> [Excerpted data]:
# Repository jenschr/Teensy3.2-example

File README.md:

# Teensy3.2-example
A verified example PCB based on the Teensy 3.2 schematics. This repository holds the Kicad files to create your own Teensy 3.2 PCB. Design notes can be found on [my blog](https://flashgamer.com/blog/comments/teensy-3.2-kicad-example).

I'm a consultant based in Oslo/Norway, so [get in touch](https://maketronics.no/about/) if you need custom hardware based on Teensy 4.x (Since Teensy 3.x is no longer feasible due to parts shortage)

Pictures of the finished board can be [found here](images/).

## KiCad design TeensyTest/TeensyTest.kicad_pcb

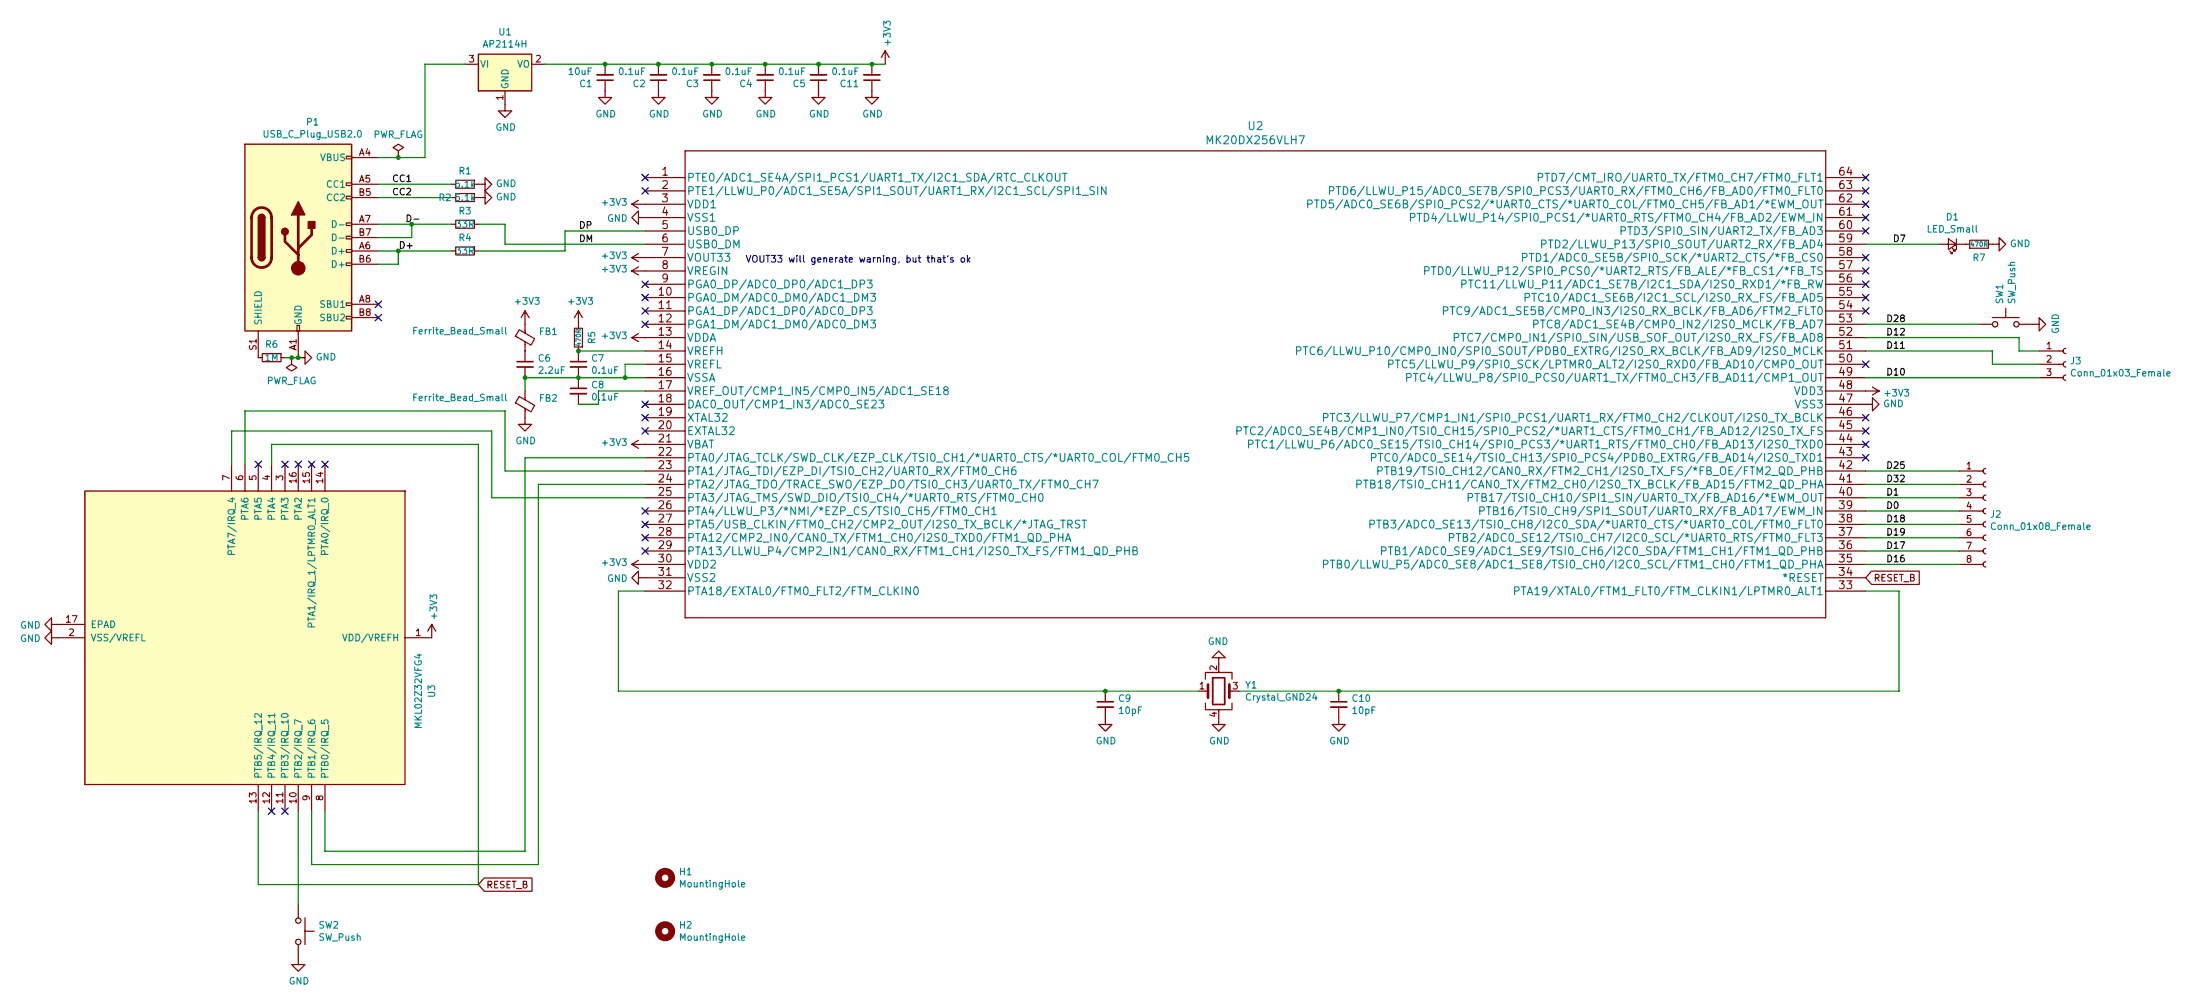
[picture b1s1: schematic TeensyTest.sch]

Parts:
C1: 10uF; C_0805_2012Metric
C2, C3, C4, C5, C7, C8, C11: 0.1uF; C_0603_1608Metric
C6: 2.2uF; R_0603_1608Metric
C9, C10: 10pF; C_0603_1608Metric; MPN 885012006002‎
D1: LED_Small; LED_0603_1608Metric
FB1, FB2: Ferrite_Bead_Small; R_0805_2012Metric; MPN MZ1608-601Y
H1, H2: MountingHole; MountingHole_3.2mm_M3_DIN965_Pad
J2: Conn_01x08_Female; PinHeader_1x08_P2.54mm_Vertical
J3: Conn_01x03_Female; PinHeader_1x03_P2.54mm_Vertical
P1: USB_C_Plug_USB2.0; TYPE-C-31-M-12; MPN TYPE-C-31-M-12
R1, R2: 5.1k; R_0603_1608Metric
R3, R4: 33R; R_0603_1608Metric
R5, R7: 470R; R_0603_1608Metric
R6: 1M; R_0603_1608Metric
SW1, SW2: SW_Push; SW_SPST_EVQQ2; MPN EVQ-Q2B03W
U1: AP2114H; SOT-223-3_TabPin2; MPN AP2114H-3.3TRG1
U2: MK20DX256VLH7; MPN MK20DX256VLH7
U3: MKL02Z32VFG4; QFN-16-1EP_3x3mm_P0.5mm_EP1.8x1.8mm
Y1: Crystal_GND24; Crystal_SMD_Abracon_ABM3B-4Pin_5.0x3.2mm; MPN ABM3B-16.000MHZ-10-1-U-T

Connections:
+3V3: C1.2, C2.2, C3.2, C4.2, C5.2, C11.2, FB1.1, R5.2, U1.2 (VO), U2.3 (VDD1), U2.7 (VOUT33), U2.8 (VREGIN), U2.13 (VDDA), U2.21 (VBAT), U2.30 (VDD2), U2.48 (VDD3), U3.1 (VDD/VREFH)
/CC1: P1.A5 (CC1), R1.2
/CC2: P1.B5 (CC2), R2.2
/D0: J2.4, U2.39 (PTB16/TSI0_CH9/SPI1_SOUT/UART0_RX/FB_AD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)
/D1: J2.3, U2.40 (PTB17/TSI0_CH10/SPI1_SIN/UART0_TX/FB_AD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)
/D7: D1.2 (A), U2.59 (PTD2/LLWU_P13/SPI0_SOUT/UART2_RX/FB_AD4)
/D10: J3.3, U2.49 (PTC4/LLWU_P8/SPI0_PCS0/UART1_TX/FTM0_CH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)
/D11: J3.2, U2.51 (PTC6/LLWU_P10/CMP0_IN0/SPI0_SOUT/PDB0_E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)
/D12: J3.1, U2.52 (PTC7/CMP0_IN1/SPI0_SIN/USB_SOF_OUT/I2S0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)
/D16: J2.8, U2.35 (PTB0/LLWU_P5/ADC0_SE8/ADC1_SE8/TSI0_CH0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)
/D17: J2.7, U2.36 (PTB1/ADC0_SE9/ADC1_SE9/TSI0_CH6/I2C0_SD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)
/D18: J2.5, U2.38 (PTB3/ADC0_SE13/TSI0_CH8/I2C0_SDA/*UART0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)
/D19: J2.6, U2.37 (PTB2/ADC0_SE12/TSI0_CH7/I2C0_SCL/*UART0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)
/D25: J2.1, U2.42 (PTB19/TSI0_CH12/CAN0_RX/FTM2_CH1/I2S0_T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)
/D28: SW1.1, U2.53 (PTC8/ADC1_SE4B/CMP0_IN2/I2S0_MCLK/FB_AD7)
/D32: J2.2, U2.41 (PTB18/TSI0_CH11/CAN0_TX/FTM2_CH0/I2S0_T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)
/D+: P1.A6 (D+), P1.B6 (D+), R4.2
/D-: P1.A7 (D-), P1.B7 (D-), R3.2
/DM: R3.1, U2.6 (USB0_DM)
/DP: R4.1, U2.5 (USB0_DP)
GND: C1.1, C2.1, C3.1, C4.1, C5.1, C9.2, C10.2, C11.1, FB2.2, P1.A1 (GND), P1.A12 (GND), P1.B1 (GND), P1.B12 (GND), R1.1, R2.1, R6.1, R7.2, SW1.2, SW2.2, U1.1 (GND), U2.4 (VSS1), U2.31 (VSS2), U2.47 (VSS3), U3.2 (VSS/VREFL), U3.17 (EPAD), Y1.2, Y1.4
unnamed: C6.1, FB1.2
unnamed: C6.2, C7.2, C8.1, FB2.1, U2.15 (VREFL), U2.16 (VSSA)
unnamed: C7.1, R5.1, U2.14 (VREFH)
unnamed: C8.2, U2.17 (VREF_OUT/CMP1_IN5/CMP0_IN5/ADC1_SE18)
unnamed: C9.1, U2.32 (PTA18/EXTAL0/FTM0_FLT2/FTM_CLKIN0), Y1.1
unnamed: C10.1, U2.33 (PTA19/XTAL0/FTM1_FLT0/FTM_CLKIN1/LPTMR0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), Y1.3
unnamed: D1.1 (K), R7.1
unnamed: P1.S1 (SHIELD), R6.2
unnamed: SW2.1, U3.10 (PTB2/IRQ_7)
unnamed: U2.22 (PTA0/JTAG_TCLK/SWD_CLK/EZP_CLK/TSI0_CH1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), U3.8 (PTB0/IRQ_5)
unnamed: U2.23 (PTA1/JTAG_TDI/EZP_DI/TSI0_CH2/UART0_RX/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), U3.6 (PTA6)
unnamed: U2.24 (PTA2/JTAG_TDO/TRACE_SWO/EZP_DO/TSI0_CH3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), U3.9 (PTB1/IRQ_6)
unnamed: U2.25 (PTA3/JTAG_TMS/SWD_DIO/TSI0_CH4/*UART0_R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), U3.7 (PTA7/IRQ_4)
RESET_B: U2.34 (*RESET), U3.4 (PTA4), U3.13 (PTB5/IRQ_12)
VBUS: P1.A4 (VBUS), P1.A9 (VBUS), P1.B4 (VBUS), P1.B9 (VBUS), U1.3 (VI)

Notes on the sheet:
VOUT33 will generate warning, but that’s ok

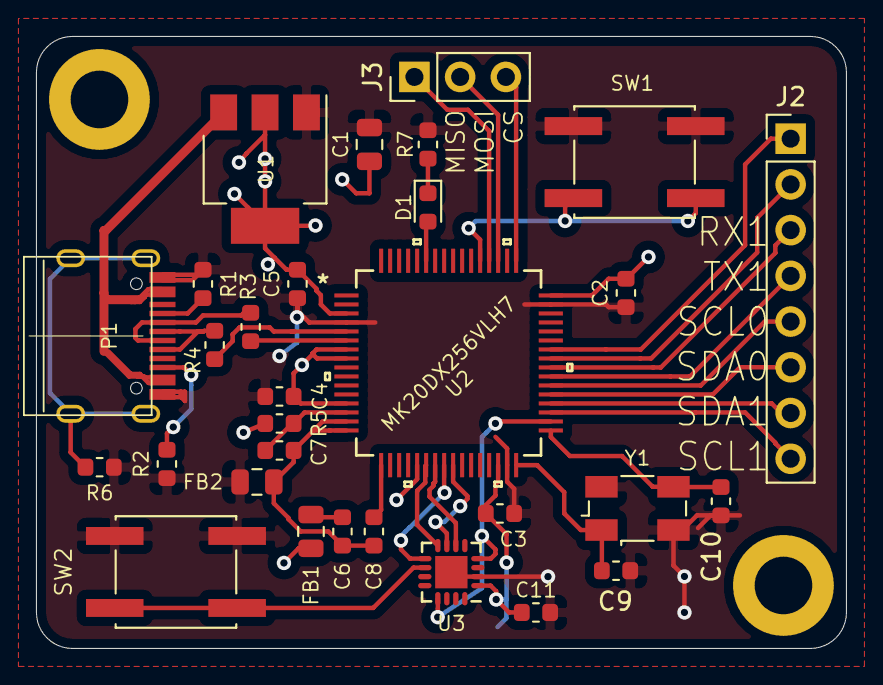
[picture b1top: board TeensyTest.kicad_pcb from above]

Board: 2 copper layers, 45.0 x 34.0 mm, 32 parts (0 on the bottom side), 36 nets.

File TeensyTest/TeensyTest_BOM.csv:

"Ref","Value","Footprint","MPN","MFGR"
"C1","10uF","Capacitor_SMD:C_0805_2012Metric","",""
"C2","0.1uF","Capacitor_SMD:C_0603_1608Metric","",""
"C3","0.1uF","Capacitor_SMD:C_0603_1608Metric","",""
"C4","0.1uF","Capacitor_SMD:C_0603_1608Metric","",""
"C5","0.1uF","Capacitor_SMD:C_0603_1608Metric","",""
"C6","2.2uF","Resistor_SMD:R_0603_1608Metric","",""
"C7","0.1uF","Capacitor_SMD:C_0603_1608Metric","",""
"C8","0.1uF","Capacitor_SMD:C_0603_1608Metric","",""
"C9","10pF","Capacitor_SMD:C_0603_1608Metric","885012006002‎","Wurth"
"C10","10pF","Capacitor_SMD:C_0603_1608Metric","885012006002‎","Wurth"
"D1","LED_Small","LED_SMD:LED_0603_1608Metric","",""
"FB1","Ferrite_Bead_Small","Resistor_SMD:R_0805_2012Metric","MZ1608-601Y","Bourns"
"FB2","Ferrite_Bead_Small","Resistor_SMD:R_0805_2012Metric","MZ1608-601Y","Bourns"
"H1","MountingHole","MountingHole:MountingHole_3.2mm_M3_DIN965_Pad","",""
"H2","MountingHole","MountingHole:MountingHole_3.2mm_M3_DIN965_Pad","",""
"J2","Conn_01x08_Female","Connector_PinHeader_2.54mm:PinHeader_1x08_P2.54mm_Vertical","",""
"J3","Conn_01x03_Female","Connector_PinHeader_2.54mm:PinHeader_1x03_P2.54mm_Vertical","",""
"P1","USB_C_Plug_USB2.0","USB-C-Power-tester:TYPE-C-31-M-12","TYPE-C-31-M-12","Korean Hroparts Elec"
"R1","5.1k","Resistor_SMD:R_0603_1608Metric","",""
"R2","5.1k","Resistor_SMD:R_0603_1608Metric","",""
"R3","33R","Resistor_SMD:R_0603_1608Metric","",""
"R4","33R","Resistor_SMD:R_0603_1608Metric","",""
"R5","470R","Resistor_SMD:R_0603_1608Metric","",""
"R6","1M","Resistor_SMD:R_0603_1608Metric","",""
"R7","470R","Resistor_SMD:R_0603_1608Metric","",""
"SW1","SW_Push","Button_Switch_SMD:SW_SPST_EVQQ2","EVQ-Q2B03W","Panasonic"
"SW2","SW_Push","Button_Switch_SMD:SW_SPST_EVQQ2","EVQ-Q2B03W","Panasonic"
"U1","AP2114H","Package_TO_SOT_SMD:SOT-223-3_TabPin2","AP2114H-3.3TRG1",""
"U2","MK20DX256VLH7","footprints:MK20DX256VLH7","MK20DX256VLH7","NXP"
"U3","MKL02Z32VFG4","Package_DFN_QFN:QFN-16-1EP_3x3mm_P0.5mm_EP1.8x1.8mm","","PJRC"
"Y1","Crystal_GND24","Crystal:Crystal_SMD_Abracon_ABM3B-4Pin_5.0x3.2mm","ABM3B-16.000MHZ-10-1-U-T","Abracon"
" "," "
"Source:","/Users/jensa/Dropbox/Hardware/Teensy3.2-example/TeensyTest/TeensyTest.sch"
"Date:","2020 July 05, Sunday 18:20:21"
"Tool:","Eeschema (5.1.2-1)-1"
"Component Count:","31"

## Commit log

2020-07-05 First commit after verifying v2 of the board
2020-07-05 Added BOM, added more pictures, added MPN's for some parts
2020-07-05 Added picture of the first board that had data lines swapped. Fixed with bodge wires...
2020-07-17 Moved C4 closer to pins 7 & 8
2020-07-17 Added extra 100nF cap for MKL02
2020-09-10 added Teensy3.2 schematic as reference, added CLK pin for SPI comms
2021-03-17 Added naming to all files, pdf schematic
2021-03-17 Updated PDF

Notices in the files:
parts and their libraries:
Copyright 2016 Accelerated Designs. All rights reserved.

> [What is required]: For the records above, state how many lines contain "that". Add nothing to the number.

> [Response to this exercise]: 2